Ever since she had crossed the Atlantic, Catharine had collected and studied flowers, grasses, mosses, lichens and ferns. Nature study was a relief “from the home-longings that always arise in the heart of the exile, especially when the sweet opening days of Spring recall to the memory of the immigrant Canadian settler old familiar scenes …when all the gay embroidery of English meads and hedgerows put on their bright array.” Nature, for Catharine, was pervaded with divine purpose—its beauty and harmony illustrated God’s power and goodness. She never found a plant that she couldn’t love both for its looks and as an example of God’s creation. The bud of the water-lily, lying just below the surface, “is ready to emerge from its watery prison and in all its virgin beauty expand its snowy bosom to the sun and genial air,” she observed in a letter home in her first months in Upper Canada. Every year, she watched the changing seasons with a delight that always crept into whatever book she was writing at the time. “The pines were now putting on their rich, mossy, green spring dresses,” reads a passage in her Canadian Crusoes. “The skies were deep blue; nature, weary of her long state of inaction, seemed waking into life and light.” In The Female Emigrant’s Guide, she provided a month-by-month description of natural events, which covers everything from croaking frogs to wildflowers.

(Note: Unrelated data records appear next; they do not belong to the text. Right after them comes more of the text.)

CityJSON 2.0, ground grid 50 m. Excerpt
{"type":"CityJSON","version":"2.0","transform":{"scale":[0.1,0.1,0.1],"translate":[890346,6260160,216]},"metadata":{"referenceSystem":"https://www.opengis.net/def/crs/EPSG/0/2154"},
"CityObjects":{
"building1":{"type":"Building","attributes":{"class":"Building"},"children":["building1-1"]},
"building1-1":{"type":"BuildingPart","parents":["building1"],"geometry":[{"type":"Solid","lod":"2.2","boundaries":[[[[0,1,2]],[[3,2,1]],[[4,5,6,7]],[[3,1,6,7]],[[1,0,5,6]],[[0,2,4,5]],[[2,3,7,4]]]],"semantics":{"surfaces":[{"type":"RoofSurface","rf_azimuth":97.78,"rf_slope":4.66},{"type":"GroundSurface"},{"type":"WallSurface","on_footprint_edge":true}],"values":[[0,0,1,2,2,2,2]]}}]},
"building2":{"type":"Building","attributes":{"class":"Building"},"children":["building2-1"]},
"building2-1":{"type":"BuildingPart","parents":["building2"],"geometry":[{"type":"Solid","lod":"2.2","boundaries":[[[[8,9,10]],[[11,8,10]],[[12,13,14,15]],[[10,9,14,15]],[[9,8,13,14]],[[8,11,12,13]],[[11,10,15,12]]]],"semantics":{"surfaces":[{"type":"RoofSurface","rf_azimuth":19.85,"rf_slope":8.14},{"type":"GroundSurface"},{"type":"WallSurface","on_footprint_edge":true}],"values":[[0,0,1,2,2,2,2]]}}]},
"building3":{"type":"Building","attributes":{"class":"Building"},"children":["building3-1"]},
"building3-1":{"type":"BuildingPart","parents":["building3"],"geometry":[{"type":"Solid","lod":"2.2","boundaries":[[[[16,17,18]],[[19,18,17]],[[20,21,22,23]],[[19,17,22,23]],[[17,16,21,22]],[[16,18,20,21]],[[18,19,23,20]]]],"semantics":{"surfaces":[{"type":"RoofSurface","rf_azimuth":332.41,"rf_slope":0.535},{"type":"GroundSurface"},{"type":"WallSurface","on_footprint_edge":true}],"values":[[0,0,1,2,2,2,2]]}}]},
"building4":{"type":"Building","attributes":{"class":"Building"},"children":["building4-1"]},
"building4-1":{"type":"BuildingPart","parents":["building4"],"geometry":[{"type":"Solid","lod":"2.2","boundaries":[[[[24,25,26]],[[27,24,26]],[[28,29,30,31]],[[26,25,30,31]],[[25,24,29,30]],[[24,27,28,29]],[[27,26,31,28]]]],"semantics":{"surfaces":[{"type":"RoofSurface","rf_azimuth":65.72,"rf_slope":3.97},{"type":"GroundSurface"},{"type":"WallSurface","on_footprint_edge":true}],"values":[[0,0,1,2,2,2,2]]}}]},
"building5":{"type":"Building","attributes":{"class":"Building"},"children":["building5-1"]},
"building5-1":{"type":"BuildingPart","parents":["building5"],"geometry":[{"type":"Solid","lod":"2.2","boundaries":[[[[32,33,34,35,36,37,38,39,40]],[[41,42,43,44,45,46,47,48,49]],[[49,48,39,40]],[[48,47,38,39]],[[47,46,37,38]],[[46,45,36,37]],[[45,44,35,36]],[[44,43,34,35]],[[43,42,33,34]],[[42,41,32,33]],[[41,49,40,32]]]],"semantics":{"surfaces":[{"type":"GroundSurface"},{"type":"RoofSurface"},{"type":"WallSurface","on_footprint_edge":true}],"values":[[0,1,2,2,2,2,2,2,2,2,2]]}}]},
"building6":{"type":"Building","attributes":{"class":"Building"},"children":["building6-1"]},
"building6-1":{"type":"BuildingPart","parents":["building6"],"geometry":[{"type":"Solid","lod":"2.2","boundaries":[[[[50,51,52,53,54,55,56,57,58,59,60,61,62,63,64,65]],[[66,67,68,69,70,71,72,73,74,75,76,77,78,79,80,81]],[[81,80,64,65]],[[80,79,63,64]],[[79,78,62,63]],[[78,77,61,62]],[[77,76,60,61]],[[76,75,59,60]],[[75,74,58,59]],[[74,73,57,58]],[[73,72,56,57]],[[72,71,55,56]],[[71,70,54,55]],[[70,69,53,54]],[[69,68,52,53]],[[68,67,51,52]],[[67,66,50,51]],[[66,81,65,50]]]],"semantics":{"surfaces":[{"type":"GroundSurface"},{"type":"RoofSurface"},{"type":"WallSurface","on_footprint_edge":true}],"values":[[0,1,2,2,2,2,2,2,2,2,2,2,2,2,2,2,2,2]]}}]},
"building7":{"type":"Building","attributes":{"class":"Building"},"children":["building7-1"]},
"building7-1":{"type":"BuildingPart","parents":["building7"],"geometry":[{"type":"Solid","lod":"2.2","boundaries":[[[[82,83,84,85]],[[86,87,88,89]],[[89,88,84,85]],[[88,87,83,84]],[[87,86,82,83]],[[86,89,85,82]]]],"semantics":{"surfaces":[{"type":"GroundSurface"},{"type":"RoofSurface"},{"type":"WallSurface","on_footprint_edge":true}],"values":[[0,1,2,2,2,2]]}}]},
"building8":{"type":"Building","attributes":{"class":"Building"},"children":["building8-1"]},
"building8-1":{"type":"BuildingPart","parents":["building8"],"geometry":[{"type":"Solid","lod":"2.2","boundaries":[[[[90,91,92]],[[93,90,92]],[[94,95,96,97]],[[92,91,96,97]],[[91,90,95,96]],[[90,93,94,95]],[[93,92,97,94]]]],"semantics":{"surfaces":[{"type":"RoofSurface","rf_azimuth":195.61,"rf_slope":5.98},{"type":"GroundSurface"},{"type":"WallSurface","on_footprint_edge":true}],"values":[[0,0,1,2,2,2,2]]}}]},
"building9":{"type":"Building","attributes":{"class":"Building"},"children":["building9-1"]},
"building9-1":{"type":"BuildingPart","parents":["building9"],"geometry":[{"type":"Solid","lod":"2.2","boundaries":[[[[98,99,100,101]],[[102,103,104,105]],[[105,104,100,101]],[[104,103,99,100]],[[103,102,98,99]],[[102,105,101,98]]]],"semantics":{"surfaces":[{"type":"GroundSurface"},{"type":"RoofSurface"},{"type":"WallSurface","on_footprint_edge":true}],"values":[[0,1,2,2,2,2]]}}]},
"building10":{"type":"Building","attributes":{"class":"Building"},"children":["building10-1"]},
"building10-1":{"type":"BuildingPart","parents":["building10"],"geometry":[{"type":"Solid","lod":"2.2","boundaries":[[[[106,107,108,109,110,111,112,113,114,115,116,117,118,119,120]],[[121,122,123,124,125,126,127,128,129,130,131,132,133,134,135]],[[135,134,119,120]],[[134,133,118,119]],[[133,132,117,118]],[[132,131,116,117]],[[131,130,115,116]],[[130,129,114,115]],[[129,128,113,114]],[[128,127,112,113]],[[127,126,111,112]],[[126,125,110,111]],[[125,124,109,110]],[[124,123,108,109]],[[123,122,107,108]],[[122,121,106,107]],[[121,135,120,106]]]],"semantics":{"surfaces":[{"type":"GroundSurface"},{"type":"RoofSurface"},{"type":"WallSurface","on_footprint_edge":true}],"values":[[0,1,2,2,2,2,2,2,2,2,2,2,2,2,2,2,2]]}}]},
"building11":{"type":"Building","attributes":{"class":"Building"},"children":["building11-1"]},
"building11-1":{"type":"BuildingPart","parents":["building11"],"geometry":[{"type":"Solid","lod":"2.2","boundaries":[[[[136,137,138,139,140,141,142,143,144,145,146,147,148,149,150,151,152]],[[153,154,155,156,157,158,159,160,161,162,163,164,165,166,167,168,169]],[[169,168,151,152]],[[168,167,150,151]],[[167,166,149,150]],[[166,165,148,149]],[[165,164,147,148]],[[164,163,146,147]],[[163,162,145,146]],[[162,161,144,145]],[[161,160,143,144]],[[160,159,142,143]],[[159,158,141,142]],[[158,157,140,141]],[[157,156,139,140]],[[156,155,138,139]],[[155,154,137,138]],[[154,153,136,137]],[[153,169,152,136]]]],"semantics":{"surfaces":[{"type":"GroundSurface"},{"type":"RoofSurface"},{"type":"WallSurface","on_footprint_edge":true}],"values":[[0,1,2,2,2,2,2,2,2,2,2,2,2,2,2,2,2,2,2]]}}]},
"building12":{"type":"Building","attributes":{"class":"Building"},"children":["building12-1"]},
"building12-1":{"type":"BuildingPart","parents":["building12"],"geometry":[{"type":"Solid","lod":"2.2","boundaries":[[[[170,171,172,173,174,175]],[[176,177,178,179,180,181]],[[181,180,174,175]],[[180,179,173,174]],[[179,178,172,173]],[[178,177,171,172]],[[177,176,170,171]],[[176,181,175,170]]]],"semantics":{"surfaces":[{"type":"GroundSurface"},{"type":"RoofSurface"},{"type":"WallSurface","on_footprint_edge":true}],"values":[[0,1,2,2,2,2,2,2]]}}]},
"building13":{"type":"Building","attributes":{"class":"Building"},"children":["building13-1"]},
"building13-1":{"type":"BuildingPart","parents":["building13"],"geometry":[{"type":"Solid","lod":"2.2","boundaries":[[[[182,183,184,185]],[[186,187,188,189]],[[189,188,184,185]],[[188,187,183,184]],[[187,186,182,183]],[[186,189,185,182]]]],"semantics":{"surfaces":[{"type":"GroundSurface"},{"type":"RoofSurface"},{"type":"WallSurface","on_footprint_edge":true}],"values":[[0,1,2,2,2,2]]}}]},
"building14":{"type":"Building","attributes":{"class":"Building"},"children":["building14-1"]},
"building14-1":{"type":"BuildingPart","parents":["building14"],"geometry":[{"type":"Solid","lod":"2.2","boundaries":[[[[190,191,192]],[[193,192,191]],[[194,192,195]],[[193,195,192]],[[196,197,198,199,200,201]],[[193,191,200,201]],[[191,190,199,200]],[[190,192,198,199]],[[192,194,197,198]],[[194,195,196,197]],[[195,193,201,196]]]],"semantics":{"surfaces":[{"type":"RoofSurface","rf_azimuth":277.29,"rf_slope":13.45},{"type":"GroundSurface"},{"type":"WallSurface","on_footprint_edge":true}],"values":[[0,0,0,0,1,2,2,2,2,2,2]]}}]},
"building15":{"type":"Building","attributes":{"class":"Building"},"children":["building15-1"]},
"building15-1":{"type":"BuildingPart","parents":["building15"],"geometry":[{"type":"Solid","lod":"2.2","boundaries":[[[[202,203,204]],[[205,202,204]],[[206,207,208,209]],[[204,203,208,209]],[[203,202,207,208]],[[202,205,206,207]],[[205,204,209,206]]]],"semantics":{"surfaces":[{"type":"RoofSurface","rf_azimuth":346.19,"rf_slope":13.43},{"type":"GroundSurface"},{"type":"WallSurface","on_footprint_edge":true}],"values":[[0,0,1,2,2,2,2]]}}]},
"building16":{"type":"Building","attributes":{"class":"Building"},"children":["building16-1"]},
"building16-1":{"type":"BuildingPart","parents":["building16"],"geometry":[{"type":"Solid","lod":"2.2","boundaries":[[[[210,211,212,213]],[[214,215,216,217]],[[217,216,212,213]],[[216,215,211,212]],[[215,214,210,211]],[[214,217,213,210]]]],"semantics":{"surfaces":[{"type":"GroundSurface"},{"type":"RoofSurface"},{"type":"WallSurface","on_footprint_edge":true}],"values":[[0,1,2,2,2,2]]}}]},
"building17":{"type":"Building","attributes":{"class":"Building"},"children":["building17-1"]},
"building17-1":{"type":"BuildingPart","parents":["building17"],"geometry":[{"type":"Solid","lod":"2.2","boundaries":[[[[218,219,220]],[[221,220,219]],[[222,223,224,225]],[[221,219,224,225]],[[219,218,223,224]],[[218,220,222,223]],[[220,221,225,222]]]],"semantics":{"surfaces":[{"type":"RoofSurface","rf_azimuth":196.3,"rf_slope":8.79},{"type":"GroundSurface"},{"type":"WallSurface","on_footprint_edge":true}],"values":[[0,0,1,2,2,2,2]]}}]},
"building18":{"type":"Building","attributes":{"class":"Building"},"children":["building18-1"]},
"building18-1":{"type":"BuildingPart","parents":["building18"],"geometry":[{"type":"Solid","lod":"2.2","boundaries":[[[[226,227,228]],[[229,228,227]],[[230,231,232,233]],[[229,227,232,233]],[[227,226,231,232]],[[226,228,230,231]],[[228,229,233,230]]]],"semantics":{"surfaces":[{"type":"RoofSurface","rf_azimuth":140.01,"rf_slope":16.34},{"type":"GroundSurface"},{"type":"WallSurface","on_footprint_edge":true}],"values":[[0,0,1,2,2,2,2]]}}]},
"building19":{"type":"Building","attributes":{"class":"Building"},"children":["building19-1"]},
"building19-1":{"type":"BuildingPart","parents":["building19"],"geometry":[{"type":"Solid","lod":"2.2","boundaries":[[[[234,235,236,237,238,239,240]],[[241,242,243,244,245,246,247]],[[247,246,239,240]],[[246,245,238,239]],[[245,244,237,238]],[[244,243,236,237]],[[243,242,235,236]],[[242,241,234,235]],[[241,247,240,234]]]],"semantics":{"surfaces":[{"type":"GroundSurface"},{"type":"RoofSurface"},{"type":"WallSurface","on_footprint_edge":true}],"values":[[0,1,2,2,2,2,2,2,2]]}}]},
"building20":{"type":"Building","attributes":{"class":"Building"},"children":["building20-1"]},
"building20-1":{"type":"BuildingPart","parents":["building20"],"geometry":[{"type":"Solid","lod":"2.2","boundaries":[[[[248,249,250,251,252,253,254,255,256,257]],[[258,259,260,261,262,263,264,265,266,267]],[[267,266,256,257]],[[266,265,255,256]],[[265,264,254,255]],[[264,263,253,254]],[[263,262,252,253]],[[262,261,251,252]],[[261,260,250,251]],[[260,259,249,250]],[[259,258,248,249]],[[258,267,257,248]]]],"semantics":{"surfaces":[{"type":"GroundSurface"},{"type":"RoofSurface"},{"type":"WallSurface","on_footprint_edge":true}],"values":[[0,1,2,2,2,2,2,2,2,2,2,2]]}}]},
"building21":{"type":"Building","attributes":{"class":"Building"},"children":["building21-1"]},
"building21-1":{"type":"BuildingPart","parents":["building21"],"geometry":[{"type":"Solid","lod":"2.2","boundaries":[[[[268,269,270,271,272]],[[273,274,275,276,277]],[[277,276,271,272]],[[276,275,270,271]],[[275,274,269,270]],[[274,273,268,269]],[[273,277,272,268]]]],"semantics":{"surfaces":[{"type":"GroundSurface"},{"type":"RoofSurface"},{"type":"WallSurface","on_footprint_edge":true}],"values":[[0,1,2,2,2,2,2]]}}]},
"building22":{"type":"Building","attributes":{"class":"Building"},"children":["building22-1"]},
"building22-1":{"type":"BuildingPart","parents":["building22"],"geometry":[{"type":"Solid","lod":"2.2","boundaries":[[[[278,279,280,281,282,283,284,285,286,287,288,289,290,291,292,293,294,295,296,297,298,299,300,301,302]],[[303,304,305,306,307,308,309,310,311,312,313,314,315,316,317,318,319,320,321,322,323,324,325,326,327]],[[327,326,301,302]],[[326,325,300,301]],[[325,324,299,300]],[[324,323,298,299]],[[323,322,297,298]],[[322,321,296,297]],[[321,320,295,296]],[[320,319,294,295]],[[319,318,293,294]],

In August, “the squirrels are busy from morning till night, gleaning the ripe grain … they seem to me the happiest of all God’s creatures, and the prettiest.”
But Catharine’s nature study wasn’t all Wordsworthian reverie and nostalgia for Suffolk’s daisies, bluebells and buttercups. She took a serious interest in every aspect of a plant: its appearance, its life cycle, its medicinal and food value, its relation to other plants. During her first decade in the silent and unexplored backwoods, she searched for the name of any unfamiliar species in the only botanical text she could lay her hands on: Frederick Pursh’s Flora Americae septentrionalis (North American Flora), published in 1814, which Frances Stewart had lent her. Since Catharine had never studied Latin, she stumbled through Pursh’s descriptions, “and when I came to a standstill I had recourse to my husband.” She copied Pursh’s use of the Linnean classification system of plant species, largely based on the number of stamens and pistils in the flower. Her husband’s books were lumpy with all t
he pressed specimens she had inserted between their pages. Her journal was full of careful notes.
Had Catharine been born a hundred years later, she would have become a serious scientist. But stuck in remote Douro Township, or on the Rice Lake Plains, Catharine had as much hope of mingling with professors of botany, who could tell her exactly how to mount and label her specimens, as she had of mingling with important authors in the London publishing business. She was so poor that she was never able to afford to visit the greatest natural wonder of her adopted land, Niagara Falls. She couldn’t even do accurate plant drawings; unlike Susanna, she had never mastered the art of flower-painting. She was an avid collector, and her “herbarium,” or collection of dried specimens, was one of her greatest sources of pleasure. Album after album was filled with elaborate arrangements of dried material.